## Problem description
Once the line with "3. 24-120-8:1" is found in the entries below, repeat it and each following line exactly, up to and including the line with "# Autodesk Inventor assembly: Leg". Add no other lines.

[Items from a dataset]
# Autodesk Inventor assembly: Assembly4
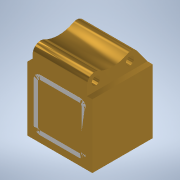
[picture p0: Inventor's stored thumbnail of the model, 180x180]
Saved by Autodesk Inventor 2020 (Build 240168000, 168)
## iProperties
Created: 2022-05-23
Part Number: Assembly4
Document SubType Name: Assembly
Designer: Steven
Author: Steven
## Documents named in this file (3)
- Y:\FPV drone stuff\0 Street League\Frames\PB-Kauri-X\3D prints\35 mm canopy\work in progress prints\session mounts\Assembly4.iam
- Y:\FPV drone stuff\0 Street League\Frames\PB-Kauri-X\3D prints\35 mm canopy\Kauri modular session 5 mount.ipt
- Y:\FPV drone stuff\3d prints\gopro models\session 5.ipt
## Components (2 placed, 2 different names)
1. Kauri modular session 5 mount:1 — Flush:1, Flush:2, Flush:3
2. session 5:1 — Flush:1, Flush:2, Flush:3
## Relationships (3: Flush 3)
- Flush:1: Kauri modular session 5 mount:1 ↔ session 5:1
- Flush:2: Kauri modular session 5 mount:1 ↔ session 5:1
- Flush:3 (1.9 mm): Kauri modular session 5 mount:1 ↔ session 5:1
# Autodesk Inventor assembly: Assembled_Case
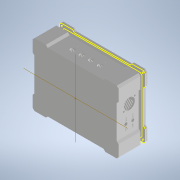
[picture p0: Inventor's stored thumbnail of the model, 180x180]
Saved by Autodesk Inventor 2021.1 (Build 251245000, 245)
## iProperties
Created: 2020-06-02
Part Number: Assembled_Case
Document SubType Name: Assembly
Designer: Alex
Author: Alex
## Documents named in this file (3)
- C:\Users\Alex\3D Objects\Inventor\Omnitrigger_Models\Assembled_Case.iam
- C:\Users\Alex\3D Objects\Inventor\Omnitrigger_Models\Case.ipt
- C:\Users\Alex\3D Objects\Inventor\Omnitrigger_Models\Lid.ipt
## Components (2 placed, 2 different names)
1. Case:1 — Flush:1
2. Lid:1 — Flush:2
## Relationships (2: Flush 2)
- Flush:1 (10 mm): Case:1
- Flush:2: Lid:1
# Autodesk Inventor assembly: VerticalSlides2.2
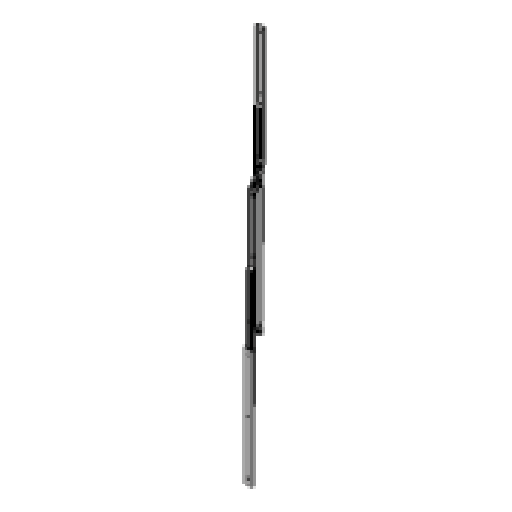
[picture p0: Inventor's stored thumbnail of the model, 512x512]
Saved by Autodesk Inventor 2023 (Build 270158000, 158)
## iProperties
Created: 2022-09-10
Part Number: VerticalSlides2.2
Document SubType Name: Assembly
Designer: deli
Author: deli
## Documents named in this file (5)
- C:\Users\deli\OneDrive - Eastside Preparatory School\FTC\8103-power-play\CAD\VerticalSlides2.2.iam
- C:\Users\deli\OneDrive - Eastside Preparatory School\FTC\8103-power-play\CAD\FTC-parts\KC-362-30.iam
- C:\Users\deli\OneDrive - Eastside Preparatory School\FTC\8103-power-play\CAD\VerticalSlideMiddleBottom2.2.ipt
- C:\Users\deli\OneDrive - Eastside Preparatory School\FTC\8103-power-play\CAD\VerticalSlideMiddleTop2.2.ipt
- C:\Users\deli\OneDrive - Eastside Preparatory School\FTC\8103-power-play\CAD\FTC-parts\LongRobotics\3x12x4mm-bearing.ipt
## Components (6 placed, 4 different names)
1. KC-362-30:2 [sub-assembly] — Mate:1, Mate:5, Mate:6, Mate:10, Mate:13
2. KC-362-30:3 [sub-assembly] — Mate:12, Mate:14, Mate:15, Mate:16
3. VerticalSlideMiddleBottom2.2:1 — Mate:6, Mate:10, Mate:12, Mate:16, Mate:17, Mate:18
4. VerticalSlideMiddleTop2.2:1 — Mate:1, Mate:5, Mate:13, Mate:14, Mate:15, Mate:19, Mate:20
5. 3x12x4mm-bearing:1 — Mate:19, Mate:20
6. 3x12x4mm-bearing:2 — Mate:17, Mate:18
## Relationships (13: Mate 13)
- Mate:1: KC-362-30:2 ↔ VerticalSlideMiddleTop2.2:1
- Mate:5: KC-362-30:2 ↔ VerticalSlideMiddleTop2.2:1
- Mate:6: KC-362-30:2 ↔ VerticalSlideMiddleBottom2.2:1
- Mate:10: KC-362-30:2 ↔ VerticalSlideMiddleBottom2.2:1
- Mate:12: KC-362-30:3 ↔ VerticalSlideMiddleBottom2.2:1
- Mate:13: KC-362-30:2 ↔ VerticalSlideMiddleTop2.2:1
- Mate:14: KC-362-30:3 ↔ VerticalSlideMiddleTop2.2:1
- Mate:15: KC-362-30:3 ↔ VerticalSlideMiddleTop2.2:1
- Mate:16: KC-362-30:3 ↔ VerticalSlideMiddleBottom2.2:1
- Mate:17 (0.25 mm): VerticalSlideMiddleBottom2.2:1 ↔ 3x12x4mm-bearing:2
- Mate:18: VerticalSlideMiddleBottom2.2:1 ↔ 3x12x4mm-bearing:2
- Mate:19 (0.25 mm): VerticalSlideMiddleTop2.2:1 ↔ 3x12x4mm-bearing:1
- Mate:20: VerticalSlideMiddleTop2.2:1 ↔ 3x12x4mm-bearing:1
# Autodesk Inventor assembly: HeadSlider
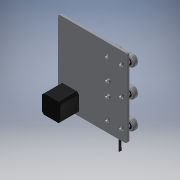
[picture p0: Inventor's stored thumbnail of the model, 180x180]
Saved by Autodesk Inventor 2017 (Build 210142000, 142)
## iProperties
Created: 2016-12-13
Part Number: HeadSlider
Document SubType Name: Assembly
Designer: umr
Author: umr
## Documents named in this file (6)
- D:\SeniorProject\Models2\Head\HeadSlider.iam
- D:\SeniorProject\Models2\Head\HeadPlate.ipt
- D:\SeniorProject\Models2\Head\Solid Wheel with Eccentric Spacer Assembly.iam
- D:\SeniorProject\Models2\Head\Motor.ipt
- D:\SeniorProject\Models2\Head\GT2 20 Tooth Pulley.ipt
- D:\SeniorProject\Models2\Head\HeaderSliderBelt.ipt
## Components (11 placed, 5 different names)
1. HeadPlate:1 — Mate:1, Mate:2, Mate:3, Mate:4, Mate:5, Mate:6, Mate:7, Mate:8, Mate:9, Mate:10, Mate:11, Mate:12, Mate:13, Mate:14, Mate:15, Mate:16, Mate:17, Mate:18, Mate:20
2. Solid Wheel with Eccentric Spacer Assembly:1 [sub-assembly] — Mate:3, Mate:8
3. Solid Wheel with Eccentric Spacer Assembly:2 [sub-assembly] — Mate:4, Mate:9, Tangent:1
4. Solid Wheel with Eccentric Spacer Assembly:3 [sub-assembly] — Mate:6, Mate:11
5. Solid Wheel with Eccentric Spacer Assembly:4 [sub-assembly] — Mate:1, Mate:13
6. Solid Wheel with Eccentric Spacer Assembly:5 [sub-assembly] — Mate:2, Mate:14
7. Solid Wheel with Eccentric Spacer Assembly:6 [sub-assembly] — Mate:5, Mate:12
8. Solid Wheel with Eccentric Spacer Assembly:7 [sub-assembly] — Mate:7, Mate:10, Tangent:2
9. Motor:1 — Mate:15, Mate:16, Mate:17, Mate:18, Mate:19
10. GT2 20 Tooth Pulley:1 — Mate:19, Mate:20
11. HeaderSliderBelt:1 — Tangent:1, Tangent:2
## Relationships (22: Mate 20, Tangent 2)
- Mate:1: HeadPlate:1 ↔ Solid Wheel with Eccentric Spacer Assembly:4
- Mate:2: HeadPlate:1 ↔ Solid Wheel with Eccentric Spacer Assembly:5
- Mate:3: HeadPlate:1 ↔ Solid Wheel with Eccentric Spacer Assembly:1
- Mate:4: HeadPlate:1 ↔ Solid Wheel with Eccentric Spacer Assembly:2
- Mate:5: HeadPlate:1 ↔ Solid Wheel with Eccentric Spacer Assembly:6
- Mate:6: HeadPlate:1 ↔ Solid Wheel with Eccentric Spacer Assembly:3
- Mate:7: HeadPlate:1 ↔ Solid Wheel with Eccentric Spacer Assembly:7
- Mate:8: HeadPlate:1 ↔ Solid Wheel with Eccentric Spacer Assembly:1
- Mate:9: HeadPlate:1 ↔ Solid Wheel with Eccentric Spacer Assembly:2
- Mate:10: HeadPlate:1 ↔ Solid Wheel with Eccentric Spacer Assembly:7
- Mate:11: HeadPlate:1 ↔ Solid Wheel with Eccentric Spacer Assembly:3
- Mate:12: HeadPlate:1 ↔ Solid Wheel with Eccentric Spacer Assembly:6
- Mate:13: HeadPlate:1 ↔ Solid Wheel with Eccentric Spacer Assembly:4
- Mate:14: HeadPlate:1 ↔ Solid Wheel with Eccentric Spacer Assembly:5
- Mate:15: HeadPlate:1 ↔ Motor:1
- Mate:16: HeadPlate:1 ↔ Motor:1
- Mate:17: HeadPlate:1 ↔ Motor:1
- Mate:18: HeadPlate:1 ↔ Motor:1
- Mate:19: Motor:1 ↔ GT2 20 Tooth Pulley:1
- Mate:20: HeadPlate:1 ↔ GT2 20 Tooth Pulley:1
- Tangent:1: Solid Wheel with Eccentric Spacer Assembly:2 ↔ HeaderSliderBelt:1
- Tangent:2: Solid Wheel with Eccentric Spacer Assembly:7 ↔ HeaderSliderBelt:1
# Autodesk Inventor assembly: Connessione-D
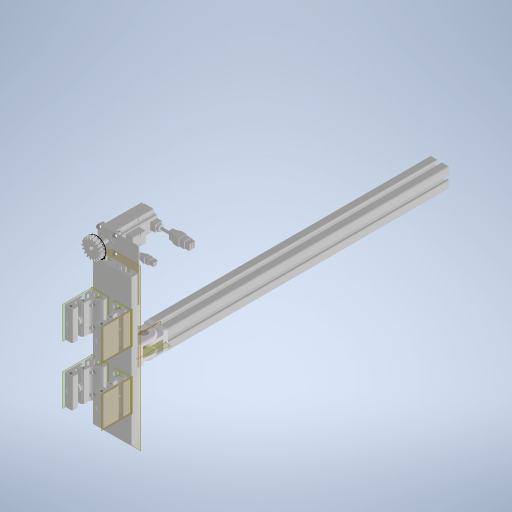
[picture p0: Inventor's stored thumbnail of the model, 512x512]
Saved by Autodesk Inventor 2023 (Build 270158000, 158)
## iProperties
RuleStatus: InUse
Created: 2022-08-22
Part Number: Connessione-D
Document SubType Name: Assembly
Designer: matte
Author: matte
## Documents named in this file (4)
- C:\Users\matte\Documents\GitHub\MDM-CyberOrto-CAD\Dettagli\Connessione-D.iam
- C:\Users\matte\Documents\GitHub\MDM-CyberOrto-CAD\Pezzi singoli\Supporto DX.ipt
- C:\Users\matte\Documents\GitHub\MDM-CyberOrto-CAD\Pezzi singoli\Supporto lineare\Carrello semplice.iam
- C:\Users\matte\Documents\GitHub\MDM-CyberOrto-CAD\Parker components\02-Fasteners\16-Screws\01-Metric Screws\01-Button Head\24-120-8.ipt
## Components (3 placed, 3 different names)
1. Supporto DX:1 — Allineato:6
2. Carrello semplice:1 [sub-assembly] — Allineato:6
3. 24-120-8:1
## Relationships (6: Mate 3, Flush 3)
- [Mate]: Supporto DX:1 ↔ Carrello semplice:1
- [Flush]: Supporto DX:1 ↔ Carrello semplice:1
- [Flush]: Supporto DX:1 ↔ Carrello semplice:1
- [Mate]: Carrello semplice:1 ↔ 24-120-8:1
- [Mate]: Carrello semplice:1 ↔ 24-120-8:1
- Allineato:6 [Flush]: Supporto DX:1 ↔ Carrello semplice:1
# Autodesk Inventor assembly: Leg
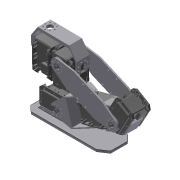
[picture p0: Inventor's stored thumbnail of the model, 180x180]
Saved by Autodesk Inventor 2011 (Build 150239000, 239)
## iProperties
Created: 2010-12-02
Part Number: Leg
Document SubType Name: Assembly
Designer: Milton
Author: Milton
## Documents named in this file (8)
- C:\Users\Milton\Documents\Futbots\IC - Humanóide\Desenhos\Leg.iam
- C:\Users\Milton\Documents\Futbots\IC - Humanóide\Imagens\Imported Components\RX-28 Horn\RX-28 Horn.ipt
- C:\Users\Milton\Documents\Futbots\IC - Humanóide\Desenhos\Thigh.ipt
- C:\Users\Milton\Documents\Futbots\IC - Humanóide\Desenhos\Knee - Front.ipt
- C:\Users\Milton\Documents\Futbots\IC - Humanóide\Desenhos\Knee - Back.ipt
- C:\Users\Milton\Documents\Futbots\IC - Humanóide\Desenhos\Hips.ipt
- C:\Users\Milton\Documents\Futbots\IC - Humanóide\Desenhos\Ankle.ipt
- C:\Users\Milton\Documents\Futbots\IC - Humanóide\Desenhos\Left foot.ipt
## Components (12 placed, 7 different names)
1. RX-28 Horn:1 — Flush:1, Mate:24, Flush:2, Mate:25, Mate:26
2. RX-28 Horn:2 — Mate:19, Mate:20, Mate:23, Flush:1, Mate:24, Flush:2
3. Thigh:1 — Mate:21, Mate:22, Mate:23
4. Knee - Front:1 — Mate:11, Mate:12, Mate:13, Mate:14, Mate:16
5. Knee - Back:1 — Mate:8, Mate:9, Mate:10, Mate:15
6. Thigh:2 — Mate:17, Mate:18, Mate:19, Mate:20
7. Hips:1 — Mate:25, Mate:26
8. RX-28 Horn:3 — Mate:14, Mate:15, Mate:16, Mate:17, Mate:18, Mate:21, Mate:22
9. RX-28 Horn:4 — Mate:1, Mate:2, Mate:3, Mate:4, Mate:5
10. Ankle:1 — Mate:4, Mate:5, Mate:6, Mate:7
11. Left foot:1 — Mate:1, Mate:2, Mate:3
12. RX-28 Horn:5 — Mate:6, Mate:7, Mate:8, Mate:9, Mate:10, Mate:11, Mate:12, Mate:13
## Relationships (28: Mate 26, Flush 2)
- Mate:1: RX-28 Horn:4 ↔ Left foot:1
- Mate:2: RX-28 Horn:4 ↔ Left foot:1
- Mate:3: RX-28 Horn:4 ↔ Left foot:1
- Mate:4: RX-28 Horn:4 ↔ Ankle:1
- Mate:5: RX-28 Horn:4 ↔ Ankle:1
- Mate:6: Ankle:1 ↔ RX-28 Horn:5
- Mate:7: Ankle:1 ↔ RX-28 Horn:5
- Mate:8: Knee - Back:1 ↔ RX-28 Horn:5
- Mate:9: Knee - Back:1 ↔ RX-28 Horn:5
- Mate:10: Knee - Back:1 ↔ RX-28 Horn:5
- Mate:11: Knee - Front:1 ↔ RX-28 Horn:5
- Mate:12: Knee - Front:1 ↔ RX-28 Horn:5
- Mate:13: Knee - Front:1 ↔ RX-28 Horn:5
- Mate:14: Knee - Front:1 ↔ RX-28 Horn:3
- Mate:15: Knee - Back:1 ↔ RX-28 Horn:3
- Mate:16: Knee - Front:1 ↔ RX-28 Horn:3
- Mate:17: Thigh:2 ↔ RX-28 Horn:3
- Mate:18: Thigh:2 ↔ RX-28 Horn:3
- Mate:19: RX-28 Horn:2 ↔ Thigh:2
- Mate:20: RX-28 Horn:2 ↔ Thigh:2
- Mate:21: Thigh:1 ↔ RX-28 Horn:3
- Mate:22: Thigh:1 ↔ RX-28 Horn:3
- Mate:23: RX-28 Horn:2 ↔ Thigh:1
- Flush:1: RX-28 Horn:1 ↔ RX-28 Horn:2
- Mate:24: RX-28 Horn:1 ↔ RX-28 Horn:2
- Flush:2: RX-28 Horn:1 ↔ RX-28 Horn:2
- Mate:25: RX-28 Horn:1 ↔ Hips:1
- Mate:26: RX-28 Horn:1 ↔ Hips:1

## Worked solution
3. 24-120-8:1
## Relationships (6: Mate 3, Flush 3)
- [Mate]: Supporto DX:1 ↔ Carrello semplice:1
- [Flush]: Supporto DX:1 ↔ Carrello semplice:1
- [Flush]: Supporto DX:1 ↔ Carrello semplice:1
- [Mate]: Carrello semplice:1 ↔ 24-120-8:1
- [Mate]: Carrello semplice:1 ↔ 24-120-8:1
- Allineato:6 [Flush]: Supporto DX:1 ↔ Carrello semplice:1
# Autodesk Inventor assembly: Leg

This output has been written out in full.